メキメキと実力を上げたTOHOさんは帰国する年、ディズニーランド・リゾートの学生選抜バンドのセレクションに3度目の挑戦にして合格。精鋭揃いのメンバーと寝食をともにし、空き時間をセッションに充てたり、それまでには触れたことのない音楽を教えてもらったりと、刺激的な3ヶ月間を過ごしました。

実力者がひしめくディズニーランド・リゾートのバンド

マイルス・デイヴィスのソロをコピーするなど、渡米からしばらくはいわゆる「ウワモノ」にばかり目が向いていたというTOHOさんですが、ここでブラスベーシストを目指すことを決意。チューバだけでなく、エレキベースやウッドベースの演奏にも着目するようになります。

『モンティ・パイソン』など、欧米の娯楽番組仕込みのユーモアは常に忘れない

「チューバのよさって、弦のベースよりも有機的な音が出せるところかなって」
「脳みそから近い部分から音が出せるのは(有利)。指で弾くっていうのは、人間の心とはたぶん離れたっていう。指っていうのは正確さを求めるから」

チューバのアドバンテージをこのように語ってくれた彼。音の太さ、重さが一音に説得力を与えるとも付け加えてくれました。クラシックの文脈から外れれば、物珍しさが先行する感のあるチューバ。しかし、ビートルズの「デイ・トリッパー」のような間のあるベースラインであれば、じゅうぶんに活躍の余地はあるとTOHOさんは見ています。

「東方洸介の悲劇」を「かっこいい」に昇華させるために

スタジオでの動画収録に臨む

目下、TOHOさんが準備を進めているのが、ソロ活動の本格化。音源づくりはもちろん、チューバをベースになり代わる存在にすべく、教則本を出版することも視野に入れているそうです。ともすれば、楽譜通りの演奏に固執しがちなのがクラシック。ただ、それだけではジャズやポップミュージックに欠かせない「グルーヴ」「ノリ」といった要素を表現するのは困難です。

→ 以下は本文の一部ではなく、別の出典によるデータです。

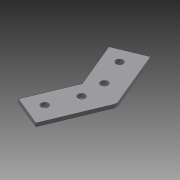
# Autodesk Inventor part: CornerBracketSheetMetal
Saved by Autodesk Inventor 2015 SP1 (Build 190203100, 203)
## iProperties
Created: 2015-02-01
Part Number: CornerBracketSheetMetal
Material: Generic
Document SubType Name: Sheet Metal
Designer: Andrew
Density: 1 g/cm^3
Sheet Metal Rule: Default
Appearance: Default
Author: Andrew
Autodesk Inventor part; units mm, degrees
ref_plane "YZ Plane" through (0, 0, 0) normal (1, 0, 0) x (0, 1, 0)
ref_plane "XZ Plane" through (0, 0, 0) normal (0, 1, 0) x (-1, 0, 0)
ref_plane "XY Plane" through (0, 0, 0) normal (0, 0, 1) x (1, 0, 0)
sketch "Sketch1" plane through (0, 0, 0) normal (0, 1, 0) x (-1, 0, 0)
  line L0 (0, 0) -> (21.3844, -51.6264)
  line L1 (21.3844, -51.6264) -> (47.9015, -40.6426)
  line L2 (47.9015, -40.6426) -> (31.0668, 0)
  line L3 (31.0668, 0) -> (47.9015, 40.6426)
  line L4 (47.9015, 40.6426) -> (21.3844, 51.6264)
  line L5 (21.3844, 51.6264) -> (0, 0)
  line L6 (31.0668, 0) -> (0, 0) construction
  line L7 (17.3204, 0) -> (56.2011, 93.8662) construction
  circle A0 centre (50.7089, 80.6068) radius 3.175
  circle A1 centre (40.9887, 57.1403) radius 3.175
  circle A2 centre (31.2686, 33.6737) radius 3.175
  circle A3 centre (21.5484, 10.2072) radius 3.175
  line L8 (13.0041, 3.7198) -> (13.0041, -3.7198) construction
  line L9 (13.0041, 0) -> (1.9044, 4.5976) construction
  line L10 (32.6076, 3.7198) -> (1.5408, 3.7198) construction
  line L11 (1.5408, -3.7198) -> (32.6076, -3.7198) construction
  circle A4 centre (21.5484, -10.2072) radius 3.175
  circle A5 centre (31.2686, -33.6737) radius 3.175
  dimension "d0" = 28.702
  dimension "d1" = 135
  dimension "d2" = 55.88
  dimension "d3" = 101.6
  dimension "d4" = 6.35
  dimension "d7" = 25.4
  dimension "d12" = 3.7198
  dimension "d13" = 12.7
  dimension "d14" = 12.0142
  dimension "d15" = 12.7
  measures "d0" distance of L0.end L1.end
  measures "d1" angle of L3 L2
  measures "d2" distance of L0.start L0.end
  measures "d3" distance of L7.start L7.end
  measures "d4" diameter of A0
  measures "d7" distance of A0.centre A1.centre
  measures "d12" distance between parallel lines of L6 L10
  measures "d13" distance from line of L9 A3.centre
  measures "d14" distance of L9.start L9.end
  measures "d15" distance between parallel lines of L7 L3
extrude "Plate1" add sketch "Sketch1" along normal blind 3.048 contours L5 L4 L3 L2 L1 L0
fillet "Corner Round1" radius 6.35 1 edges at (0, 1.524, 0)
equation "\"d3\" = 0.5 * CornerLength"
equation "\"BendRadius\" = Thickness"
equation "\"BendReliefWidth\" = Thickness"
equation "\"BendReliefDepth\" = 0.5 * Thickness"
equation "\"CornerReliefSize\" = 4 * Thickness"
equation "\"MinimumRemnant\" = 2 * Thickness"
equation "\"TransitionRadius\" = BendRadius"
equation "\"JacobiRadiusSize\" = BendRadius"
equation "\"GapSize\" = Thickness"
equation "\"d16\" = BendRadius"
equation "\"CornerLength\" = 203.2"
equation "\"Thickness\" = 3.048"
body "Solid1"

「別に研究したいって思ってるわけじゃなくて、好きなベースラインを演奏してるうちに、いいグルーヴと悪いグルーヴが分かってくるようになったし」

TOHOさんが理想のベーシストの1人に挙げるのは、レッド・ホット・チリ・ペッパーズのフリー。実践を通して培ってきたコツを伝えることができれば、自身が待ち遠しい存在と語る「ライバル」が現れるかもしれない――コロナ禍でライブの機会が減っただけに、いまこそが彼にとってのチャンスなのかもしれません。

Pedal VoxのメンバーとおどけるTOHOさん

「チューバが認知されて(くれば)、それが他の楽器とかにもいろいろ勇気を与える」

チューバに限らず、ジャンルという枠にしばられてきた「楽器マイノリティ」を表舞台に引きずり出したい。何がロックで何がジャズか、その垣根があいまいになる音楽シーンに、これまで日の目を見てこなかった楽器を送り込む礎になりたい。より多様な楽器の交わりが一般化すると、音楽はまたひとつアップデートされるとTOHOさんは信じています。

「チューバがかっこいいって思えるようになったら、オレみたいな人はもういなくなるわけじゃん。東方洸介の悲劇は起こらなくなるんで」
「オレたちが聴いてほしいのって、チューバ奏者じゃないからさ。渋谷パルコとかに買い物行く人たちに自分のものを聴いてほしいからさ」

その視線はチューバの未来像を見つめている

自嘲気味な口ぶりのなかにも、確かに感じられる自信。純粋に演奏技術を高める過程に、見せ方という視点が備われば、チューバという楽器にハイライトが当たる未来は、そう遠いものにはならないはずです。